• YOUR ASSIGNMENT:
Find and copy each line of the records where the string "centre" shows up.

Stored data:
● ● ● ● ● ● ●
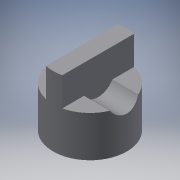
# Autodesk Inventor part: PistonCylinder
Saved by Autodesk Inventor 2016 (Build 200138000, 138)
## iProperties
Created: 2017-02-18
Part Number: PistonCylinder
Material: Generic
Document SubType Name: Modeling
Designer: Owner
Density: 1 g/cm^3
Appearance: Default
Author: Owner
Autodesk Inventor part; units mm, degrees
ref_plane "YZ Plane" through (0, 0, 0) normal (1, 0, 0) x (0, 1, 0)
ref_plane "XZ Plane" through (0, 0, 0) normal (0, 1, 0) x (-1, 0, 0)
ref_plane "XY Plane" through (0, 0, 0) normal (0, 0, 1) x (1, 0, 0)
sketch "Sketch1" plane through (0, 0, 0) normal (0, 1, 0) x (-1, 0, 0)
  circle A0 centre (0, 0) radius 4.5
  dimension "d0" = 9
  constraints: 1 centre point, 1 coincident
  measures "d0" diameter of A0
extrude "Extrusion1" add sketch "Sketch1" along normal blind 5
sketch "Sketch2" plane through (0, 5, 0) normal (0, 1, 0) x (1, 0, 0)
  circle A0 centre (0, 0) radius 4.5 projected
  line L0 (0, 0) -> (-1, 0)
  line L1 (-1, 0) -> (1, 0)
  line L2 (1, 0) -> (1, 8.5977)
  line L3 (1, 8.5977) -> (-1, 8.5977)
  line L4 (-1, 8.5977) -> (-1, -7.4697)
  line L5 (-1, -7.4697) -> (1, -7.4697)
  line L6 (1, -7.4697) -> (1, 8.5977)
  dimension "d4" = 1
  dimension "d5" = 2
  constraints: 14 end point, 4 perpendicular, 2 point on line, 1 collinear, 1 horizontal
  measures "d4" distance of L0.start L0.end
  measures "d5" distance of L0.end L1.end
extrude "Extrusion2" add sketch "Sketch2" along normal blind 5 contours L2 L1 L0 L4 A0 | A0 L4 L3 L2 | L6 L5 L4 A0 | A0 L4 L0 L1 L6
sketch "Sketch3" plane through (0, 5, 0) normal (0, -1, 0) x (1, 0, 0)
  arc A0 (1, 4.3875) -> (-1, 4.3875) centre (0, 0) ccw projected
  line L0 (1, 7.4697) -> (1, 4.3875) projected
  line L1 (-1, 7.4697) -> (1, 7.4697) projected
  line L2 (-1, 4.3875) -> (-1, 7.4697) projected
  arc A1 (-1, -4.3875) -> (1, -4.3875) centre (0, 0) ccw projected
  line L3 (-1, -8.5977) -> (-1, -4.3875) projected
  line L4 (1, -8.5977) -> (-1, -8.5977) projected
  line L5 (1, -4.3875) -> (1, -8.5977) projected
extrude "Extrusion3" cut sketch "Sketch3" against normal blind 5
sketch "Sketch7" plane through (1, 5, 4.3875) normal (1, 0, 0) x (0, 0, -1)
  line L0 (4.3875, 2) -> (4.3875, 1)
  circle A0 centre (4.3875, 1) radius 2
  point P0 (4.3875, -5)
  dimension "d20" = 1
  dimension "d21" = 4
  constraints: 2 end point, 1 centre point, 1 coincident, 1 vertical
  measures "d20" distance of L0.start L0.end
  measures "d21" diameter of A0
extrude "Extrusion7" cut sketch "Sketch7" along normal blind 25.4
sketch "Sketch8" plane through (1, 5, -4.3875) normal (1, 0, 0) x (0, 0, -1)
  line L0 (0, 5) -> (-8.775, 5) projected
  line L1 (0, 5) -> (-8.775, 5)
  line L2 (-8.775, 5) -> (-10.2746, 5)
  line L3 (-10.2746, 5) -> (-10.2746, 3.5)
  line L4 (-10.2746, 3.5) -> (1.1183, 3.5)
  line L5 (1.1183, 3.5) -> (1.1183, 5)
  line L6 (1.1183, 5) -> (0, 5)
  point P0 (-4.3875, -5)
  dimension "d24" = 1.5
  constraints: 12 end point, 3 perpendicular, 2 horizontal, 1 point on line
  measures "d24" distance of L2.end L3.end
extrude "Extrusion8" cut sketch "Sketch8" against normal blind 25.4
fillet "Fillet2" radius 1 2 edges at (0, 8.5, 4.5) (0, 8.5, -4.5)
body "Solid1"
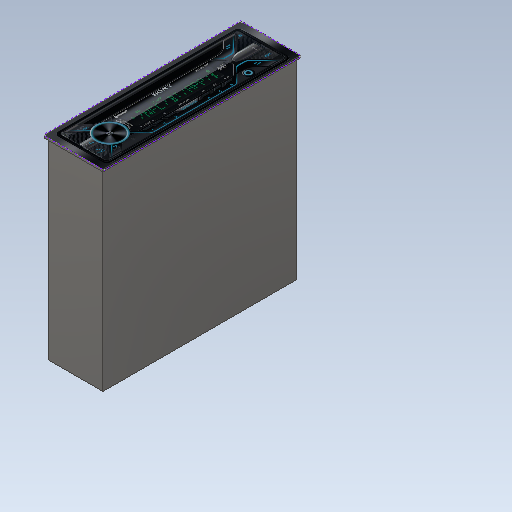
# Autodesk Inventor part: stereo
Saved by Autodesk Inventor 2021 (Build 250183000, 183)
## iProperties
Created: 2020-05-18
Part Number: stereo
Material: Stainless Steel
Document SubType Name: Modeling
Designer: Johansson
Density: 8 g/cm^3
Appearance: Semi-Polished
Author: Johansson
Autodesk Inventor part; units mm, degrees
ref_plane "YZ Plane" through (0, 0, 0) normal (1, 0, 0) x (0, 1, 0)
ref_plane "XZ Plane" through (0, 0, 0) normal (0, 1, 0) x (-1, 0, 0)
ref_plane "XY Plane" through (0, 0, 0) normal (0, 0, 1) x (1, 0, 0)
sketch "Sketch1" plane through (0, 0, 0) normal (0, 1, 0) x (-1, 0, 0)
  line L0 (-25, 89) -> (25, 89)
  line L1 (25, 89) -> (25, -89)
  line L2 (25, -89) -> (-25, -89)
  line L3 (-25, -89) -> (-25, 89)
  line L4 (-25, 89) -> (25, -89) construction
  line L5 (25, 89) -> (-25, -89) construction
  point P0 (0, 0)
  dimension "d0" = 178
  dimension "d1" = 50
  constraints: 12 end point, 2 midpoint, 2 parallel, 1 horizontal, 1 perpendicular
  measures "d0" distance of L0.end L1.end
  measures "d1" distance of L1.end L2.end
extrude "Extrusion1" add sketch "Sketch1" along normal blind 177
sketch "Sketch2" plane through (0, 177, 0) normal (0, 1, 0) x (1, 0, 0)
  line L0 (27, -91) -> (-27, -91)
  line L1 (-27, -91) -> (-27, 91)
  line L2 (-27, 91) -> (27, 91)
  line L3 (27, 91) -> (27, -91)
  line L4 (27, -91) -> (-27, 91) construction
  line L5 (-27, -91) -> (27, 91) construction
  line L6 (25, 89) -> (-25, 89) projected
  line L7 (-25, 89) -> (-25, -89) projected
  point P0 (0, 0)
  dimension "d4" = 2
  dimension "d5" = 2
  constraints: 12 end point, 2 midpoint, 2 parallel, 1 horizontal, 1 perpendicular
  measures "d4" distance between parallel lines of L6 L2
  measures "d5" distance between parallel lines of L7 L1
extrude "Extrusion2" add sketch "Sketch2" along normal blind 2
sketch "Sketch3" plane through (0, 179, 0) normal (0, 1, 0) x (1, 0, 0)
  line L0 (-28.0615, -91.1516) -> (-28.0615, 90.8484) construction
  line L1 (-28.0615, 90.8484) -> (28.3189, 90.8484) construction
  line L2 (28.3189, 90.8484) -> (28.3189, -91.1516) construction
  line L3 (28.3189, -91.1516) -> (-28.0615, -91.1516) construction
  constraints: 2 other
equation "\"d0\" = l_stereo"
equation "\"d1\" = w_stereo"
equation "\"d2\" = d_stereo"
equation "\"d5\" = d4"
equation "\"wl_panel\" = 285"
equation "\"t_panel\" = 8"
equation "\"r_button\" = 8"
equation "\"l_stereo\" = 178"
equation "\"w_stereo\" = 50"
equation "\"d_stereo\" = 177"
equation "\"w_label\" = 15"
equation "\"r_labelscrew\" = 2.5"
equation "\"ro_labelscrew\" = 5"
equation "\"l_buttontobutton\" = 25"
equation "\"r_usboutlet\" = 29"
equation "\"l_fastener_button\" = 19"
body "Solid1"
● ● ● ● ● ● ●
• RESPONSE AREA:
  circle A0 centre (0, 0) radius 4.5
  constraints: 1 centre point, 1 coincident
  circle A0 centre (0, 0) radius 4.5 projected
  arc A0 (1, 4.3875) -> (-1, 4.3875) centre (0, 0) ccw projected
  arc A1 (-1, -4.3875) -> (1, -4.3875) centre (0, 0) ccw projected
  circle A0 centre (4.3875, 1) radius 2
  constraints: 2 end point, 1 centre point, 1 coincident, 1 vertical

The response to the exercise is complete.